Алайя замолчал, и в комнате стало тихо. Один из светильников погас, и сквозь раскрытые шторы стала просачиваться вечерняя темнота, разбавляемая лишь пламенем свечи в высоком напольном подсвечнике.
— Все мы попали сюда по разным причинам, — продолжил Алайя более отрывисто и раздражённо. — Но объединены одним: нам приходится выживать, потому что человеку для выживания нужны не только еда и питьё, отнюдь. Нам приходится создавать свой собственный хрупкий мирок, отделённый от остального мира оградой, гораздо более высокой и крепкой, чем та, которую ты сегодня красил. Мы создаём свои собственные правила, и глупо пытаться следовать правилам тех, кто ничего не знает о нашем мире; более того, презирает его. Презирает, даже не пытаясь понять.
Он дёрнул рукой, как будто отмахиваясь от кого-то невидимого, и широкий шёлковый рукав, расшитый розовыми цветами, взметнувшись в воздух, затушил пламя единственной горевшей свечи.
Зал затопили сумерки.
— Вы говорили про любовь между двумя актёрами как про отношения между равными, — наконец, проговорил Миреле тихо. — Но мне-то предлагают не это, а покровителя. С которым я никогда не буду стоять на одной и той же ступеньке.
— Я говорил про то, что не нужно себя связывать, — возразил Алайя, и его лицо искривилось, как будто он проглотил что-то очень кислое, но тон остался ровным. — Кто знает, может, этот человек, что предложил тебе встречу, по-настоящему тебя любит. Или полюбит. Всякое случается. Нужно давать судьбе шанс. Особенно если ты актёр, которому не на что рассчитывать, кроме как на удачу. Удача любит тех, кто в неё верит.
Миреле чуть вздохнул.
— Ладно, — сказал он негромко. — Можете считать, что вы меня убедили.
Тут произошло неожиданное: Алайя уронил голову на колени и расхохотался.
Миреле слушал этот хохот, больше подходящий господину Маньюсарье, с удивлением и неприязнью.
— Быстро же, — заметил Алайя, утерев на глазах слёзы, выступившие от смеха. — Быстро я тебя убедил. Если Ихиссе понадобилось лишь обнять тебя и предложить свою накидку, то теперь твою благосклонность можно купить проникновенной речью. Растёшь, ты воистину растёшь над собой! Впрочем, мне-то что. Я своей цели добился, это главное.
"Так, ну понятно, — подумал Миреле, стараясь сдержать раздражение. — Насмешки и издевательства возвращаются.
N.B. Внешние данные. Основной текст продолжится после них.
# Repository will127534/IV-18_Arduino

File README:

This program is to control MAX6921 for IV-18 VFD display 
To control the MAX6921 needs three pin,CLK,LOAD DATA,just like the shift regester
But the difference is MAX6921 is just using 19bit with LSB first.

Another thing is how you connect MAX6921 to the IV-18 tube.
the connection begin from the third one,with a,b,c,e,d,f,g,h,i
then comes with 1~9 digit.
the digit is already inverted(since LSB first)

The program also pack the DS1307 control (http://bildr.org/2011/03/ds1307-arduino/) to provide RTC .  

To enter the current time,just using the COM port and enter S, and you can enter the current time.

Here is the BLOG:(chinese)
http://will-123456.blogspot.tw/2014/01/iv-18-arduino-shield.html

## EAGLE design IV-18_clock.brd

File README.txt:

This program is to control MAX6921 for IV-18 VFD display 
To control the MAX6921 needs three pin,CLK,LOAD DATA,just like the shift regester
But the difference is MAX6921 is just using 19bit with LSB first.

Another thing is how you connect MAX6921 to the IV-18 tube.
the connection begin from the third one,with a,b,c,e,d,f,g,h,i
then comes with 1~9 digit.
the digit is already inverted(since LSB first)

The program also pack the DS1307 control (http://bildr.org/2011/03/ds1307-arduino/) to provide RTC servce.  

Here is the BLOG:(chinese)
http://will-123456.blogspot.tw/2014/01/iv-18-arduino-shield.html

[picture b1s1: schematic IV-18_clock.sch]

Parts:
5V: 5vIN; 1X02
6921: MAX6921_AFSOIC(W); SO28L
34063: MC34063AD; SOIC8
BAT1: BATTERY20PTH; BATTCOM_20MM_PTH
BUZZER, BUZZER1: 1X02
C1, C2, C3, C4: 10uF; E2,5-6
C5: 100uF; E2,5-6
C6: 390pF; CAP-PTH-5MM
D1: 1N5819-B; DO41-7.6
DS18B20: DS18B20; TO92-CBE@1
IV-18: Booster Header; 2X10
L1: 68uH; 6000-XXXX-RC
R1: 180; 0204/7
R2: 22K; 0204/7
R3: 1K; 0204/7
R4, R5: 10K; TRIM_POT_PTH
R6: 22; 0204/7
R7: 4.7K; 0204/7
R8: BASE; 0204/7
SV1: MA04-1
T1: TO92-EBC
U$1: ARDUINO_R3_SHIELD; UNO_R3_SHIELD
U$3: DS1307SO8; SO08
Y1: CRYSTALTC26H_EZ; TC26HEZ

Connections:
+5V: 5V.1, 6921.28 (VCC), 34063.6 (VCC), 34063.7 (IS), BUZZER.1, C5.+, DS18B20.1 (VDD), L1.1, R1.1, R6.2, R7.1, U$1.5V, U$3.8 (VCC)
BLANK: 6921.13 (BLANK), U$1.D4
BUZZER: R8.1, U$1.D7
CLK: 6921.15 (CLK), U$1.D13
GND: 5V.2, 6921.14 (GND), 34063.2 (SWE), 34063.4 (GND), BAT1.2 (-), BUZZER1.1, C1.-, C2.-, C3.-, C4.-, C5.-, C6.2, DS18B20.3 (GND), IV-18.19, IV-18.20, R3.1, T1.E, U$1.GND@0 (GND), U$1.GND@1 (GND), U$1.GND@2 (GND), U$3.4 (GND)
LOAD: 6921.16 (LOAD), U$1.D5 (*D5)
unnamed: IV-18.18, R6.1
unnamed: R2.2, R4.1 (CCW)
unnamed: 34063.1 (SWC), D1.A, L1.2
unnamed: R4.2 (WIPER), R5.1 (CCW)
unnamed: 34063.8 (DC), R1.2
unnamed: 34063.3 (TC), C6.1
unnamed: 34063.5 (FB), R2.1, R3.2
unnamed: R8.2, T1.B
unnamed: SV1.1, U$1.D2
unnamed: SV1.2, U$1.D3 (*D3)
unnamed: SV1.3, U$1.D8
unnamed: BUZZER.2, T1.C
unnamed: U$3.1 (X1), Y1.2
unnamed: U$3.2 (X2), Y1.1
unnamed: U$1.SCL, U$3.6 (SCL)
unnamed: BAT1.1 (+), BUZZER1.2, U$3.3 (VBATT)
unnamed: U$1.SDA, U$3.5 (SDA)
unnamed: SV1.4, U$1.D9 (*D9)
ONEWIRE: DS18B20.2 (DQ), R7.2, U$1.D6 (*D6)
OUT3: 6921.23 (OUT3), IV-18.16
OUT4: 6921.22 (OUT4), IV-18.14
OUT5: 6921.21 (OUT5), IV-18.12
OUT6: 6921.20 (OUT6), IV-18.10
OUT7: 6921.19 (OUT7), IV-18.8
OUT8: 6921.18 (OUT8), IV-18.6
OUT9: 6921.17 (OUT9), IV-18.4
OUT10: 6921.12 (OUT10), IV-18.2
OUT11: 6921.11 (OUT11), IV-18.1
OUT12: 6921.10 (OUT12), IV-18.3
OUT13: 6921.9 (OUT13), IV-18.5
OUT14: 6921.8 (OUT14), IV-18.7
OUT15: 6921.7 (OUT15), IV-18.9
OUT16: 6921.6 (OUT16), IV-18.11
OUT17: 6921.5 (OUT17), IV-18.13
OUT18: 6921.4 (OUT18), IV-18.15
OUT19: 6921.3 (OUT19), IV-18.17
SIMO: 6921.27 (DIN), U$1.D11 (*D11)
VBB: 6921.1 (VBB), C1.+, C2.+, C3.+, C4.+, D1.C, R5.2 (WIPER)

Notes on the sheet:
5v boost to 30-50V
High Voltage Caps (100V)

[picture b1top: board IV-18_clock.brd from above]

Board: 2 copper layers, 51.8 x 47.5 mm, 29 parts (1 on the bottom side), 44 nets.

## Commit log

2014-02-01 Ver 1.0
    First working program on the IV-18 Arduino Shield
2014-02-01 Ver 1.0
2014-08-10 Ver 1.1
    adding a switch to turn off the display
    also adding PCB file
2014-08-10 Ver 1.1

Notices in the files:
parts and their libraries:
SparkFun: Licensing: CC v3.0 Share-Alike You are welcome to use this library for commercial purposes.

Давно не виделись, я уже начинал по вам скучать".
— Слушайте, я одного не понимаю, — не удержался он. — Вам-то не всё равно, с кем я буду или не буду спать?
На мгновение он вдруг подумал, что учитель тоже скажет ему про пьесу, про искусство, про возможность осуществить свою мечту.
Но Алайя вытаращил на него глаза так, как будто услышал самый глупый в своей жизни вопрос.
— Как это всё равно? — вскричал он. — Я имею деньги за каждого актёра, которому устраиваю встречу с потенциальной покровительницей! Или покровителем. В последнем случае я, ясное дело, получаю больше, поскольку мужчина дорожит своей репутацией и платит за то, чтобы его имя осталось тайным.
— А-а-а, — протянул Миреле, иронически улыбаясь. — Прошу прощения, это как-то совсем выскользнуло у меня из головы.
Как ни странно, он не был зол.
Может быть, потому, что не верил, будто сказанное Алайей было ложью или чем-то вроде проверки — во всяком случае, не полностью.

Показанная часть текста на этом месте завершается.